» TASK: Pull from the data below each line where the word "part" occurs, and copy it.

======== WORKING DATA

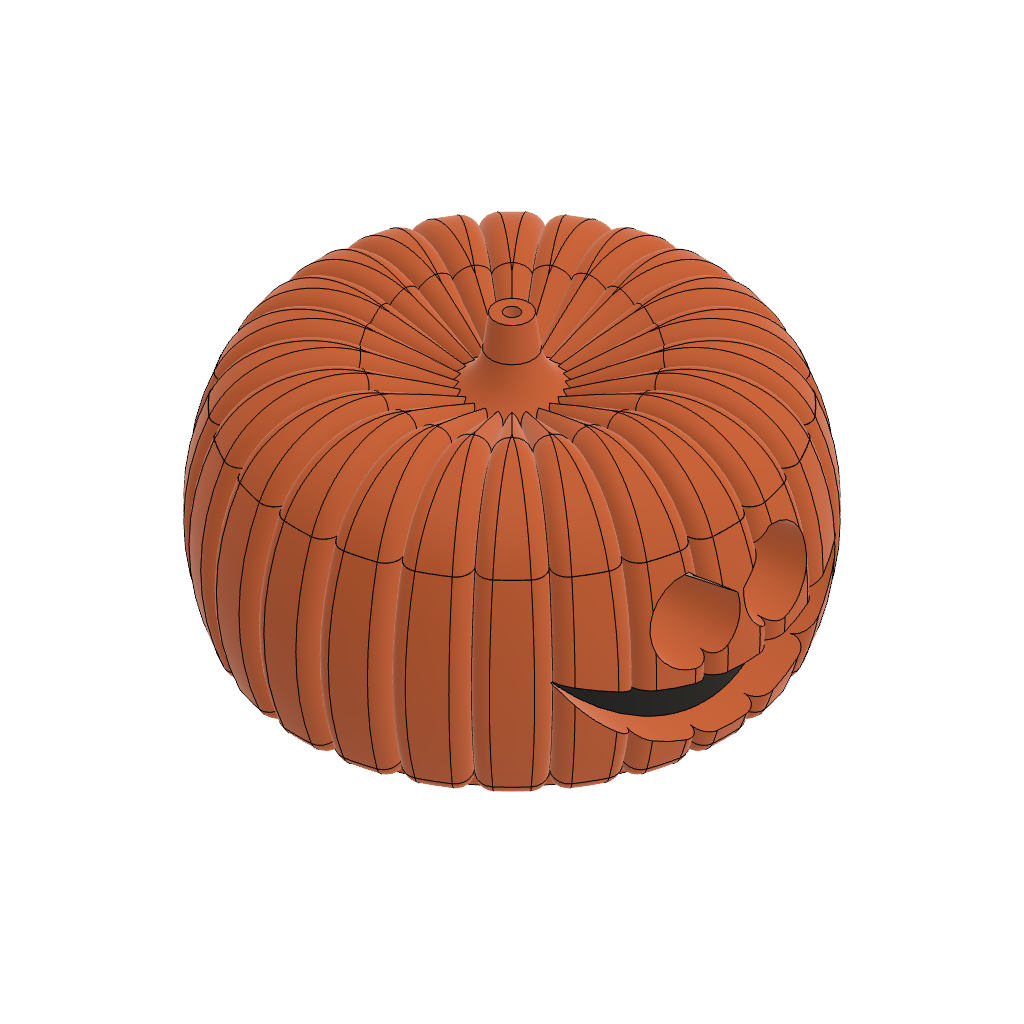
TinyEngineerHalloween (Autodesk Fusion 360 design; units mm, degrees)
part number: 2026-08-31-21-58-55-159
part number: 2026-08-31-22-02-30-810
part number: 2026-08-31-23-17-40-355
part number: 2026-08-31-23-21-15-111
part number: 2026-09-02-10-24-00-688
part number: 2026-09-25-21-20-39-307
part number: 2026-09-26-07-19-26-809
Autodesk Fusion 360 part; units mm, degrees
(part 1 of 2)
sketch "servo_profile" plane through (0, 0, 0) normal (0, 0, 1) x (1, 0, 0) in component "Servo"
  line L0 (-16.9, -13.6) -> (-16.9, -30.6) construction
  line L1 (-16.9, -30.6) -> (5.8, -30.6) construction
  line L2 (5.8, -30.6) -> (5.8, -13.6) construction
  line L3 (5.8, -13.6) -> (10.6, -13.6) construction
  line L4 (10.6, -13.6) -> (10.6, -11.2) construction
  line L5 (10.6, -11.2) -> (5.8, -11.2) construction
  line L6 (5.8, -3.3) -> (-9.1, -3.3) construction
  line L7 (-9.1, -3.3) -> (-9.1, -6.8) construction
  line L8 (-9.1, -6.8) -> (-16.9, -6.8) construction
  line L9 (-16.9, -6.8) -> (-16.9, -11.2) construction
  line L10 (-16.9, -11.2) -> (-21.7, -11.2) construction
  line L11 (-21.7, -11.2) -> (-21.7, -13.6) construction
  line L12 (-21.7, -13.6) -> (-16.9, -13.6) construction
  line L13 (0, -3.3) -> (0, 0) construction
  line L14 (5.8, -3.3) -> (5.8, -11.2) construction
  line L15 (-17.2, -10.9) -> (-22, -10.9)
  line L16 (-22, -10.9) -> (-22, -13.9)
  line L17 (-22, -13.9) -> (-17.2, -13.9)
  line L18 (-17.2, -13.9) -> (-17.2, -30.9)
  line L19 (-17.2, -30.9) -> (6.1, -30.9)
  line L20 (6.1, -30.9) -> (6.1, -13.9)
  line L21 (6.1, -13.9) -> (10.9, -13.9)
  line L22 (10.9, -13.9) -> (10.9, -10.9)
  line L23 (10.9, -10.9) -> (6.1, -10.9)
  line L24 (6.1, -3) -> (6.1, -10.9)
  line L25 (6.1, -3) -> (-9.4, -3)
  line L26 (-9.4, -3) -> (-9.4, -6.5)
  line L27 (-9.4, -6.5) -> (-17.2, -6.5)
  line L28 (-17.2, -6.5) -> (-17.2, -10.9)
  line L29 (-9.1, -3.3) -> (-16.9, -3.3) construction
  line L30 (-16.9, -3.3) -> (-16.9, -6.8) construction
  dimension "d2" = 22.7
  dimension "d6" = 17
  dimension "d7" = 2.4
  dimension "d8" = 4.8
  dimension "d13" = 4.4
  dimension "d17" = 5.8
  dimension "d20" = 3.3
  dimension "d40" = 0.3
  dimension "d115" = 3.5
  dimension "d116" = 7.8
  constraint vertical L0
  constraint perpendicular L0 L1
  constraint perpendicular L1 L2
  constraint perpendicular L0 L3
  constraint perpendicular L3 L4
  constraint perpendicular L4 L5
  constraint perpendicular L6 L7
  constraint perpendicular L7 L8
  constraint perpendicular L8 L9
  constraint perpendicular L9 L10
  constraint perpendicular L10 L11
  constraint perpendicular L0 L12
  constraint equal L0 L2
  constraint equal L4 L11
  constraint collinear L0 L9
  constraint equal L3 L12
  constraint coincident L6 L13.start
  constraint perpendicular L6 L13
  constraint coincident L13.end origin
  constraint perpendicular L5 L14
  constraint collinear L2 L14
  constraint coincident L6.start L14.start
  constraint perpendicular L26 L29
  constraint perpendicular L29 L30
  measures "d2" distance of L0.end L1.end
  measures "d6" distance of L0.start L0.end
  measures "d7" distance of L10.end L11.end
  measures "d8" distance of L2.end L3.end
  measures "d13" distance of L8.end L9.end
  measures "d17" distance of L13 L14
  measures "d20" distance of L13.start L13.end
  measures "d115" distance of L8.end L29.end
  measures "d116" distance of L6.end L29.end
extrude "Extrude1" add sketch "servo_profile" along normal mid plane 12.8 makes body 1 in component "Servo"
sketch "shaft" plane through (0, -3, 0) normal (0, 1, 0) x (-1, 0, 0) in component "Servo"
  line L0 (9, -5.75) -> (9, 5.75)
  line L1 (9, 5.75) -> (-3, 5.75)
  line L2 (-3, 5.75) -> (-3, -5.75)
  line L3 (-3, -5.75) -> (9, -5.75)
  circle A0 centre (0, 0) radius 2.7
  line L4 (9.4, -6.4) -> (9.4, 6.4)
  line L5 (9.4, 6.4) -> (-6.1, 6.4)
  line L6 (-6.1, 6.4) -> (-6.1, -6.4)
  line L7 (-6.1, -6.4) -> (9.4, -6.4)
  dimension "d25" = 5.4
  constraint coincident A0.centre origin
  measures "d25" diameter of A0
extrude "Extrude2" add sketch "shaft" along normal blind 3.6 contours A0 bodies 1 in component "Servo"
sketch "mount" plane through (0, -3, 0) normal (0, 1, 0) x (-1, 0, 0) in component "Servo"
  circle A0 centre (-8.27, 0) radius 1.4
  circle A1 centre (19.37, 0) radius 1.4
  line L0 (19.37, 0) -> (-8.27, 0) construction
  line L1 (0, 0) -> (-5.8, 0) construction
  line L2 (-5.8, 0) -> (-10.6, 0) construction
  line L3 (-10.6, 0) -> (-10.6, -6.1) construction
  line L4 (-10.6, -6.1) -> (-8.27, -6.1) construction
  line L5 (-8.27, -6.1) -> (-8.27, 0) construction
  dimension "d31" = 2.8
  dimension "d32" = 5.8
  dimension "d33" = 4.8
  dimension "d34" = 6.1
  dimension "d35" = 2.33
  dimension "d36" = 6.1
  dimension "d37" = 19.37
  constraint coincident A1.centre L0.start
  constraint coincident A0.centre L0.end
  constraint horizontal L0
  constraint equal A0 A1
  constraint coincident L1.start origin
  constraint horizontal L1
  constraint parallel L1 L2
  constraint perpendicular L2 L3
  constraint perpendicular L3 L4
  constraint vertical L5
  measures "d31" diameter of A0
  measures "d32" distance of L1.start L1.end
  measures "d33" distance of L1.end L2.end
  measures "d34" distance of L2.end L3.end
  measures "d35" distance of L3.end L4.end
  measures "d36" distance of A0.centre L4.end
  measures "d37" distance of L1.start A1.centre
extrude "Extrude3" cut sketch "mount" against normal through all bodies 1 in component "Servo"
sketch "Sketch1" plane through (0, 0, 0) normal (0, 0, 1) x (1, 0, 0) in component "OLED"
  line L0 (-4.7, -18.25) -> (0, -18.25)
  line L1 (0, -18.25) -> (0, 18.25)
  line L2 (0, 18.25) -> (-8.7, 18.25)
  line L3 (-8.7, 18.25) -> (-8.7, 10.25)
  line L4 (-8.7, 10.25) -> (-4.7, 10.25)
  line L5 (-4.7, 10.25) -> (-4.7, -18.25)
  dimension "d195" = 36.5
  dimension "d196" = 4.7
  dimension "d197" = 8.7
  dimension "d202" = 8
  constraint horizontal L0
  constraint perpendicular L0 L1
  constraint perpendicular L1 L2
  constraint perpendicular L2 L3
  constraint perpendicular L3 L4
  constraint perpendicular L4 L5
  constraint midpoint origin L1
  measures "d195" distance of L0.end L1.end
  measures "d196" distance of L0.start L0.end
  measures "d197" distance of L1.end L2.end
  measures "d202" distance of L2.end L3.end
extrude "Extrude1'" add sketch "Sketch1" along normal blind 12.5 separate body makes body 2 in component "OLED"
sketch "servo_case" plane through (0, 0, -6.4) normal (0, 0, -1) x (1, 0, 0) in component "Head"
  line L0 (-9.4, 3) -> (6.1, 3)
  line L1 (6.1, 3) -> (6.1, 10.9)
  line L2 (6.1, 10.9) -> (10.9, 10.9)
  line L3 (10.9, 13.9) -> (6.1, 13.9)
  line L4 (6.1, 13.9) -> (6.1, 30.9)
  line L5 (6.1, 30.9) -> (-17.2, 30.9)
  line L6 (-17.2, 30.9) -> (-17.2, 13.9)
  line L7 (-17.2, 13.9) -> (-22, 13.9)
  line L8 (-22, 10.9) -> (-17.2, 10.9)
  line L9 (-17.2, 10.9) -> (-17.2, 6.5)
  line L10 (-17.2, 6.5) -> (-9.4, 6.5)
  line L11 (-9.4, 6.5) -> (-9.4, 3)
  line L12 (12.1, 3) -> (-23.5, 3)
  line L13 (-23.5, 3) -> (-23.5, 35.9) construction
  line L14 (-23.5, 35.9) -> (12.1, 35.9)
  line L15 (12.1, 35.9) -> (12.1, 3)
  line L16 (6.1, 3) -> (6.1, 10.9)
  line L17 (6.1, 10.9) -> (10.9, 10.9)
  line L18 (10.9, 10.9) -> (10.9, 13.9)
  line L19 (10.9, 13.9) -> (6.1, 13.9)
  line L20 (6.1, 13.9) -> (6.1, 30.9)
  line L21 (6.1, 30.9) -> (-17.2, 30.9)
  line L22 (-17.2, 30.9) -> (-17.2, 13.9)
  line L23 (-17.2, 13.9) -> (-22, 13.9)
  line L24 (-22, 13.9) -> (-22, 10.9)
  line L25 (-22, 10.9) -> (-17.2, 10.9)
  line L26 (-17.2, 10.9) -> (-17.2, 6.5)
  line L27 (-17.2, 6.5) -> (-9.4, 6.5)
  line L28 (-9.4, 6.5) -> (-9.4, 3)
  line L29 (12.1, 35.9) -> (12.1, 24.9)
  line L30 (12.1, 24.9) -> (11.6, 24.9) construction
  line L31 (8.6, 34.4) -> (8.6, 32.9) construction
  line L32 (7.1, 32.9) -> (6.1, 32.9)
  line L33 (4.1, 32.9) -> (4.1, 30.9) construction
  line L34 (11.6, 24.9) -> (11.6, 35.9)
  line L35 (11.6, 24.9) -> (6.1, 24.9)
  line L36 (-5.55, 30.9) -> (-5.55, 19) construction
  circle A0 centre (-5.55, 19) radius 9.85
  line L37 (10.9, 10.9) -> (10.9, 13.9)
  line L38 (-22, 13.9) -> (-22, 10.9)
  line L39 (8.6, 34.4) -> (7.1, 34.4) construction
  line L40 (8.6, 35.9) -> (8.6, 34.4) construction
  arc A1 (7.1, 32.9) -> (7.1, 35.9) centre (7.1, 34.4) ccw
  line L41 (8.6, 32.9) -> (7.1, 32.9) construction
  arc A2 (6.1, 32.9) -> (4.1, 30.9) centre (6.1, 30.9) ccw
  line L42 (6.1, 32.9) -> (4.1, 32.9) construction
  line L43 (-53.5, 3) -> (-53.5, 35.9) construction
  line L44 (-53.5, 3) -> (-23.5, 3) construction
  line L45 (12.1, 19.45) -> (0.3, 19.45) construction
  circle A3 centre (0.3, 19.45) radius 28.9317
  line L46 (12.1, 3) -> (12.1, -6.966)
  line L47 (12.1, 35.9) -> (12.1, 45.866)
  line L48 (-21.2, 35.9) -> (-21.2, 38.8096)
  line L49 (-21.2, 3) -> (-21.2, 0.0904)
  line L50 (-16.6452, 35.9) -> (-16.6452, 42.9)
  line L51 (-16.6452, 3) -> (-16.6452, -4)
  line L52 (-17.2, 16.9) -> (-28.5191, 16.9)
  line L53 (-17.2, 27.9) -> (-27.3702, 27.9)
  point P0 (8.6, 34.4)
  dimension "d42" = 5
  dimension "d61" = 8
  dimension "d62" = 2
  dimension "d71" = 0.5
  dimension "d72" = 3
  dimension "d74" = 2
  dimension "d82" = 11.9
  dimension "d83" = 19.7
  dimension "d89" = 6.3
  dimension "d90" = 6
  dimension "head_width" = 32.9
  dimension "d267" = 30
  dimension "d1884" = 5.8
  dimension "d1981" = 2.3
  dimension "d1982" = 7
  dimension "d1999" = 3
  dimension "d2000" = 3
  dimension "d2054" = 57.8634
  constraint horizontal L12
  constraint vertical L13
  constraint horizontal L14
  constraint vertical L15
  constraint collinear L0 L12
  constraint coincident L0.end L1.start
  constraint coincident L1.end L2.start
  constraint coincident L2.end L17.end
  constraint coincident L3.start L18.end
  constraint coincident L3.end L4.start
  constraint coincident L4.end L5.start
  constraint coincident L5.end L6.start
  constraint coincident L6.end L7.start
  constraint coincident L7.end L23.end
  constraint coincident L8.start L24.end
  constraint coincident L8.end L9.start
  constraint coincident L9.end L10.start
  constraint coincident L10.end L11.start
  constraint coincident L0.start L11.end
  constraint coincident L15 L29.end
  constraint coincident L20 L35.end
  constraint perpendicular L20 L30
  constraint coincident L14 L40.start
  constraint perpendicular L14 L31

================

» FINISHED TASK:
part number: 2026-08-31-21-58-55-159
part number: 2026-08-31-22-02-30-810
part number: 2026-08-31-23-17-40-355
part number: 2026-08-31-23-21-15-111
part number: 2026-09-02-10-24-00-688
part number: 2026-09-25-21-20-39-307
part number: 2026-09-26-07-19-26-809
Autodesk Fusion 360 part; units mm, degrees
(part 1 of 2)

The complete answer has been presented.